## What is required
An exact copy of the lines from the one containing "#20530 = VECTOR ( 'NONE', #23384, 1000. ) ;" through the final line of the records is the only acceptable answer.

(Records from a collection)
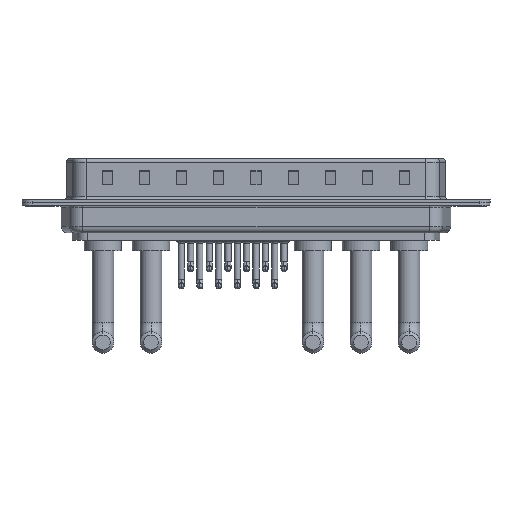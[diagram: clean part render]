
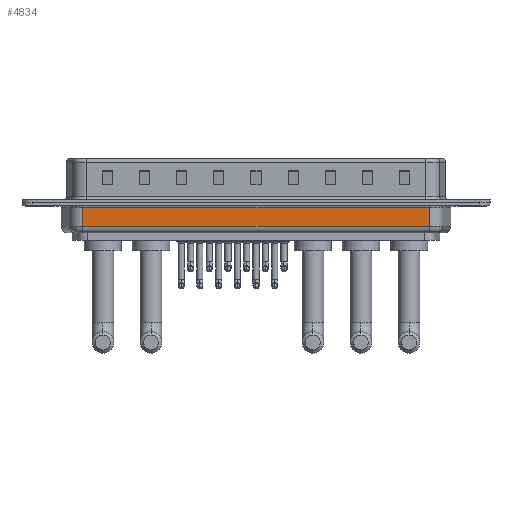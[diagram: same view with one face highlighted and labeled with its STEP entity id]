
A CAD part, front view. The second image highlights one B-rep face of the part: STEP entity #4834.
In plain terms, the highlighted planar face has unit normal (0, -1, 0).
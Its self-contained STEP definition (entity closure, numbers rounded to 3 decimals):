
#466 = DIRECTION ( 'NONE',  ( 1., 0., 0. ) ) ;
#1776 = DIRECTION ( 'NONE',  ( 0., 0., 1. ) ) ;
#2052 = ORIENTED_EDGE ( 'NONE', *, *, #14418, .T. ) ;
#2257 = EDGE_CURVE ( 'NONE', #4675, #15043, #23605, .T. ) ;
#3257 = CARTESIAN_POINT ( 'NONE',  ( 6.031, -5.35, -3.5 ) ) ;
#3290 = ORIENTED_EDGE ( 'NONE', *, *, #3343, .T. ) ;
#3343 = EDGE_CURVE ( 'NONE', #4675, #20319, #19020, .T. ) ;
#4675 = VERTEX_POINT ( 'NONE', #3257 ) ;
#4834 = ADVANCED_FACE ( 'NONE', ( #14435 ), #21801, .F. ) ;
#6360 = ORIENTED_EDGE ( 'NONE', *, *, #2257, .F. ) ;
#6797 = DIRECTION ( 'NONE',  ( 0., 0., 1. ) ) ;
#7220 = CARTESIAN_POINT ( 'NONE',  ( 6.031, -5.35, -4.5 ) ) ;
#8584 = VECTOR ( 'NONE', #6797, 1000. ) ;
#8729 = VECTOR ( 'NONE', #466, 1000. ) ;
#8975 = CARTESIAN_POINT ( 'NONE',  ( 57.469, -5.35, -0.65 ) ) ;
#8999 = CARTESIAN_POINT ( 'NONE',  ( 6.031, -5.35, -4.5 ) ) ;
#10112 = CARTESIAN_POINT ( 'NONE',  ( 6.031, -5.35, -0.65 ) ) ;
#11771 = CARTESIAN_POINT ( 'NONE',  ( 6.031, -5.35, -3.5 ) ) ;
#12620 = DIRECTION ( 'NONE',  ( 0., 1., 0. ) ) ;
#13848 = VERTEX_POINT ( 'NONE', #8975 ) ;
#13996 = CARTESIAN_POINT ( 'NONE',  ( 57.469, -5.35, -4.5 ) ) ;
#14148 = VECTOR ( 'NONE', #1776, 1000. ) ;
#14188 = EDGE_CURVE ( 'NONE', #20319, #13848, #23306, .T. ) ;
#14418 = EDGE_CURVE ( 'NONE', #13848, #15043, #19509, .T. ) ;
#14435 = FACE_OUTER_BOUND ( 'NONE', #22646, .T. ) ;
#15043 = VERTEX_POINT ( 'NONE', #21259 ) ;
#16803 = CARTESIAN_POINT ( 'NONE',  ( 57.469, -5.35, -3.5 ) ) ;
#19020 = LINE ( 'NONE', #11771, #8729 ) ;
#19509 = LINE ( 'NONE', #10112, #20530 ) ;
#20319 = VERTEX_POINT ( 'NONE', #16803 ) ;
#20530 = VECTOR ( 'NONE', #23384, 1000. ) ;
#21063 = ORIENTED_EDGE ( 'NONE', *, *, #14188, .T. ) ;
#21121 = AXIS2_PLACEMENT_3D ( 'NONE', #7220, #12620, #22168 ) ;
#21259 = CARTESIAN_POINT ( 'NONE',  ( 6.031, -5.35, -0.65 ) ) ;
#21801 = PLANE ( 'NONE',  #21121 ) ;
#22168 = DIRECTION ( 'NONE',  ( -1., 0., 0. ) ) ;
#22646 = EDGE_LOOP ( 'NONE', ( #6360, #3290, #21063, #2052 ) ) ;
#23306 = LINE ( 'NONE', #13996, #8584 ) ;
#23384 = DIRECTION ( 'NONE',  ( -1., 0., 0. ) ) ;
#23605 = LINE ( 'NONE', #8999, #14148 ) ;

## Output
#20530 = VECTOR ( 'NONE', #23384, 1000. ) ;
#21063 = ORIENTED_EDGE ( 'NONE', *, *, #14188, .T. ) ;
#21121 = AXIS2_PLACEMENT_3D ( 'NONE', #7220, #12620, #22168 ) ;
#21259 = CARTESIAN_POINT ( 'NONE',  ( 6.031, -5.35, -0.65 ) ) ;
#21801 = PLANE ( 'NONE',  #21121 ) ;
#22168 = DIRECTION ( 'NONE',  ( -1., 0., 0. ) ) ;
#22646 = EDGE_LOOP ( 'NONE', ( #6360, #3290, #21063, #2052 ) ) ;
#23306 = LINE ( 'NONE', #13996, #8584 ) ;
#23384 = DIRECTION ( 'NONE',  ( -1., 0., 0. ) ) ;
#23605 = LINE ( 'NONE', #8999, #14148 ) ;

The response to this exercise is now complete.